**Dataset entries**
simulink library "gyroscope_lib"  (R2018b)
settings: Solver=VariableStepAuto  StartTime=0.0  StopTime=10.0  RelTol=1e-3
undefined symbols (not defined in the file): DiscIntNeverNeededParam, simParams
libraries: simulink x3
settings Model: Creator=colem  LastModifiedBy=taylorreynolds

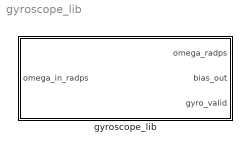
== system gyroscope_lib ==
  gyroscope_lib : Subsystem  mask{id_s=1}
      mask prompts: id_s "Choose the sensor ID"
      mask TypeOptions id_s: 1 | 2 | 3
      mask DialogControl DescTextVar Prompt: SOCi gyroscope model. The spacecraft has three Bosch BMI055 gyroscopes.

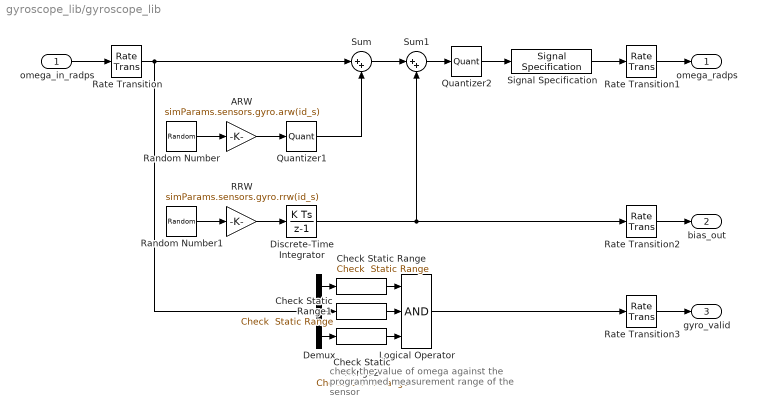
== system gyroscope_lib/gyroscope_lib ==
  note: check the value of omega against
      | the programmed measurement range
      | of the sensor
  omega_in_radps : Inport
  ARW : Gain  Gain=simParams.sensors.gyro.arw(id_s)
  Check Static Range : simulink/Model Verification/Check  Static Range  Description=simParams.sensors.gyro.w_min(id_s) <= u <= simParams.sensors.gyro.w_max(id_s)  max=simParams.sensors.gyro.w_max(id_s)  max_included=on  min=simParams.sensors.gyro.w_min(id_s)  min_included=on  enabled=on  stopWhenAssertionFail=off  export=on  icon=graphic
      settings: SourceProductName=Simulink  SourceProductBaseCode=SL
  Check Static Range1 : simulink/Model Verification/Check  Static Range  Description=simParams.sensors.gyro.w_min(id_s) <= u <= simParams.sensors.gyro.w_max(id_s)  max=simParams.sensors.gyro.w_max(id_s)  max_included=on  min=simParams.sensors.gyro.w_min(id_s)  min_included=on  enabled=on  stopWhenAssertionFail=off  export=on  icon=graphic
      settings: SourceProductName=Simulink  SourceProductBaseCode=SL
  Check Static Range2 : simulink/Model Verification/Check  Static Range  Description=simParams.sensors.gyro.w_min(id_s) <= u <= simParams.sensors.gyro.w_max(id_s)  max=simParams.sensors.gyro.w_max(id_s)  max_included=on  min=simParams.sensors.gyro.w_min(id_s)  min_included=on  enabled=on  stopWhenAssertionFail=off  export=on  icon=graphic
      settings: SourceProductName=Simulink  SourceProductBaseCode=SL
  Demux : Demux  Outputs=3
  Discrete-Time Integrator : DiscreteIntegrator  InitialCondition=simParams.sensors.gyro.bias_init(id_s)  SampleTime=-1  ICPrevOutput=DiscIntNeverNeededParam  ICPrevScaledInput=DiscIntNeverNeededParam
  Logical Operator : Logic  Inputs=3  AllPortsSameDT=off  OutDataTypeStr=boolean
  Quantizer1 : Quantizer  QuantizationInterval=simParams.sensors.gyro.resolution(id_s)
  Quantizer2 : Quantizer  QuantizationInterval=simParams.sensors.gyro.resolution(id_s)
  RRW : Gain  Gain=simParams.sensors.gyro.rrw(id_s)
  Random Number : RandomNumber  Mean=[0 0 0]  Variance=[1 1 1]  Seed=simParams.sensors.gyro.seed_arw(:,id_s)  SampleTime=simParams.sensors.gyro.sample_time_s
  Random Number1 : RandomNumber  Mean=[0 0 0]  Variance=[1 1 1]  Seed=simParams.sensors.gyro.seed_rrw(:,id_s)  SampleTime=simParams.sensors.gyro.sample_time_s
  Rate Transition : RateTransition  InitialCondition=simParams.initialConditions.w0  OutPortSampleTime=simParams.sensors.gyro.sample_time_s
  Rate Transition1 : RateTransition  InitialCondition=simParams.initialConditions.w0
  Rate Transition2 : RateTransition  InitialCondition=simParams.sensors.gyro.bias_init(id_s)
  Rate Transition3 : RateTransition  InitialCondition=1
  Signal Specification : SignalSpecification  Dimensions=3
  Sum : Sum  Inputs=|++
  Sum1 : Sum  Inputs=|++
  omega_radps : Outport
  bias_out : Outport  Port=2
  gyro_valid : Outport  Port=3
  wires:
  Random Number/1 -> ARW/1
  Random Number1/1 -> RRW/1
  ARW/1 -> Quantizer1/1
  omega_in_radps/1 -> Rate Transition/1
  Sum/1 -> Sum1/1
  RRW/1 -> Discrete-Time Integrator/1
  Logical Operator/1 -> Rate Transition3/1
  Discrete-Time Integrator/1 -> Rate Transition2/1, Sum1/2
  Quantizer1/1 -> Sum/2
  Sum1/1 -> Quantizer2/1
  Quantizer2/1 -> Signal Specification/1
  Rate Transition/1 -> Demux/1, Sum/1
  Rate Transition1/1 -> omega_radps/1
  Rate Transition2/1 -> bias_out/1
  Rate Transition3/1 -> gyro_valid/1
  Demux/3 -> Check Static Range2/1
  Demux/2 -> Check Static Range1/1
  Demux/1 -> Check Static Range/1
  Check Static Range1/1 -> Logical Operator/2
  Check Static Range/1 -> Logical Operator/1
  Check Static Range2/1 -> Logical Operator/3
  Signal Specification/1 -> Rate Transition1/1
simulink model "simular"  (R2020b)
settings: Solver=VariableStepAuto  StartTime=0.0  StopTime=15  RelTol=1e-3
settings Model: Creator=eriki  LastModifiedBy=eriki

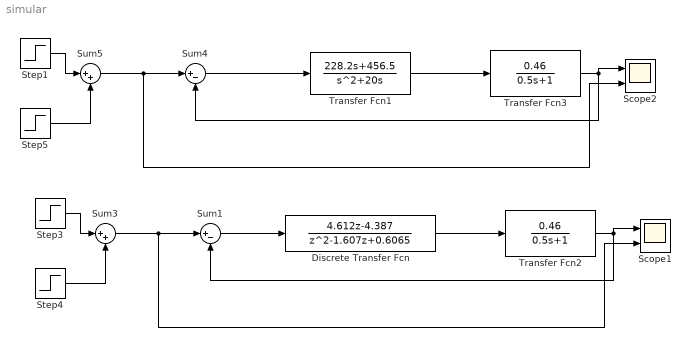
== system simular ==
  Discrete Transfer Fcn : DiscreteTransferFcn  Numerator=[4.612 -4.387]  Denominator=[1 -1.607 0.6065]  SampleTime=0.025
  Scope1 : Scope  NumInputPorts=2
  Scope2 : Scope  NumInputPorts=2
  Step1 : Step  Time=10  After=40  SampleTime=0
  Step3 : Step  Time=10  After=40  SampleTime=0
  Step4 : Step  After=40  SampleTime=0
  Step5 : Step  After=40  SampleTime=0
  Sum1 : Sum  Inputs=|+-
  Sum3 : Sum  Inputs=|++
  Sum4 : Sum  Inputs=|+-
  Sum5 : Sum  Inputs=|++
  Transfer Fcn1 : TransferFcn  Numerator=[228.2 456.5]  Denominator=[1 20 0]
  Transfer Fcn2 : TransferFcn  Numerator=0.46  Denominator=[0.5 1]
  Transfer Fcn3 : TransferFcn  Numerator=0.46  Denominator=[0.5 1]
  wires:
  Discrete Transfer Fcn/1 -> Transfer Fcn2/1
  Transfer Fcn2/1 -> Sum1/2, Scope1/1
  Sum1/1 -> Discrete Transfer Fcn/1
  Step3/1 -> Sum3/1
  Step4/1 -> Sum3/2
  Sum3/1 -> Sum1/1, Scope1/2
  Sum5/1 -> Sum4/1, Scope2/2
  Step5/1 -> Sum5/2
  Step1/1 -> Sum5/1
  Transfer Fcn1/1 -> Transfer Fcn3/1
  Transfer Fcn3/1 -> Sum4/2, Scope2/1
  Sum4/1 -> Transfer Fcn1/1
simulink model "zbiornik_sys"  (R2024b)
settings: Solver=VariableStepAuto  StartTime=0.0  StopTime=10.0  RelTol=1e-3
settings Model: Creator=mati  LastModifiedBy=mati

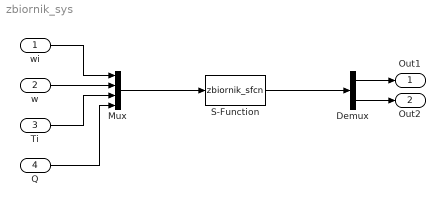
== system zbiornik_sys ==
  wi : Inport
  w : Inport  Port=2
  Ti : Inport  Port=3
  Q : Inport  Port=4
  Demux : Demux  Outputs=2
  Mux : Mux
  S-Function : S-Function  FunctionName=zbiornik_sfcn  Parameters=V_0 T_0  SFunctionDeploymentMode=off  EnableBusSupport=off
  Out1 : Outport  SignalName=V
  Out2 : Outport  Port=2  SignalName=T
  wires:
  wi/1 -> Mux/1
  w/1 -> Mux/2
  Ti/1 -> Mux/3
  Q/1 -> Mux/4
  Mux/1 -> S-Function/1
  S-Function/1 -> Demux/1
  Demux/1 -> Out1/1
  Demux/2 -> Out2/1
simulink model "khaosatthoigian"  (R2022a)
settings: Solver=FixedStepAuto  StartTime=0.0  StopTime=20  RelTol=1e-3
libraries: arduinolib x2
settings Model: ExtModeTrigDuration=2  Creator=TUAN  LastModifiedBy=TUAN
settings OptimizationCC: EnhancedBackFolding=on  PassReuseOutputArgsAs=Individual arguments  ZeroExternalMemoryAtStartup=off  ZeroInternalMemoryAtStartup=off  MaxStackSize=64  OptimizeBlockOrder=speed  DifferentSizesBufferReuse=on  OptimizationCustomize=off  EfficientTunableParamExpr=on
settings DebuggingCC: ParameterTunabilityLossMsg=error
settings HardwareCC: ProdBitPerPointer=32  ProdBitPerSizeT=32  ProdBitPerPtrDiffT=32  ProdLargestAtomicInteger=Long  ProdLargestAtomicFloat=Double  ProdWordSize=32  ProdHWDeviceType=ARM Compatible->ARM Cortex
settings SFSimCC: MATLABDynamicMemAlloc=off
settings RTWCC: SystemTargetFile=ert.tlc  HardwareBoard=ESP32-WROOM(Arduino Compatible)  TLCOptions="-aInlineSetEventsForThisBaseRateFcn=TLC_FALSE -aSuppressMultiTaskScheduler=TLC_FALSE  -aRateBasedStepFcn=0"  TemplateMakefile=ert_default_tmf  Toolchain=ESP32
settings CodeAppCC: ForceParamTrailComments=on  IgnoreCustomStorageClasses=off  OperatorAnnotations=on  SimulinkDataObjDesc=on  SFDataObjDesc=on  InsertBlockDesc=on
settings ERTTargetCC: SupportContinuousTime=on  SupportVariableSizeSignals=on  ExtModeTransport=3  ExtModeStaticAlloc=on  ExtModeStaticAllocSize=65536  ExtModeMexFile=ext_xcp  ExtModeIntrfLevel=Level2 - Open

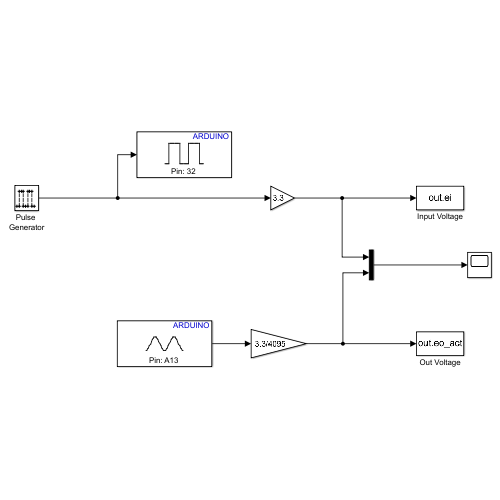
[thumbnail: Simulink's stored preview of the top-level diagram]
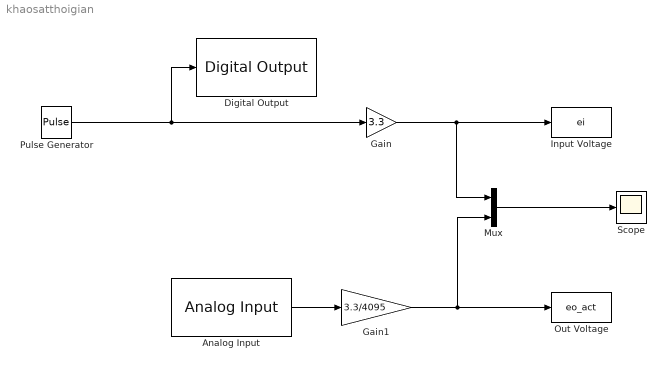
== system khaosatthoigian ==
  Analog Input : arduinolib/Analog Input  pinNumber=13  ReadResultsOnly=off  ConversionTriggerSource=Software  ExternalTriggerType=uint32( 0 )  OutputDataType=uint16  EnableConversionCompleteNotify=off  EnableOuputStatus=off  SampleTime=0.1  blockPlatform=arduino
  Digital Output : arduinolib/Digital Output  pinNumber=32  Direction=output  blockPlatform=arduino
  Gain : Gain  Gain=3.3
  Gain1 : Gain  Gain=3.3/4095  OutDataTypeStr=double
  Input Voltage : ToWorkspace  VariableName=ei  SampleTime=-1
  Mux : Mux  Inputs=2
  Out Voltage : ToWorkspace  VariableName=eo_act  SampleTime=-1
      settings: Save2DSignal=2-D array (concatenate along first dimension)
  Pulse Generator : DiscretePulseGenerator  Period=100  PulseWidth=50  SampleTime=0.1
  Scope : Scope
  wires:
  Gain1/1 -> Mux/2, Out Voltage/1
  Mux/1 -> Scope/1
  Gain/1 -> Mux/1, Input Voltage/1
  Pulse Generator/1 -> Digital Output/1, Gain/1
  Analog Input/1 -> Gain1/1

**Activity**
Please state how many lines of the records hold the word "Demux", and write nothing but that number.

**Answer for this exercise**
9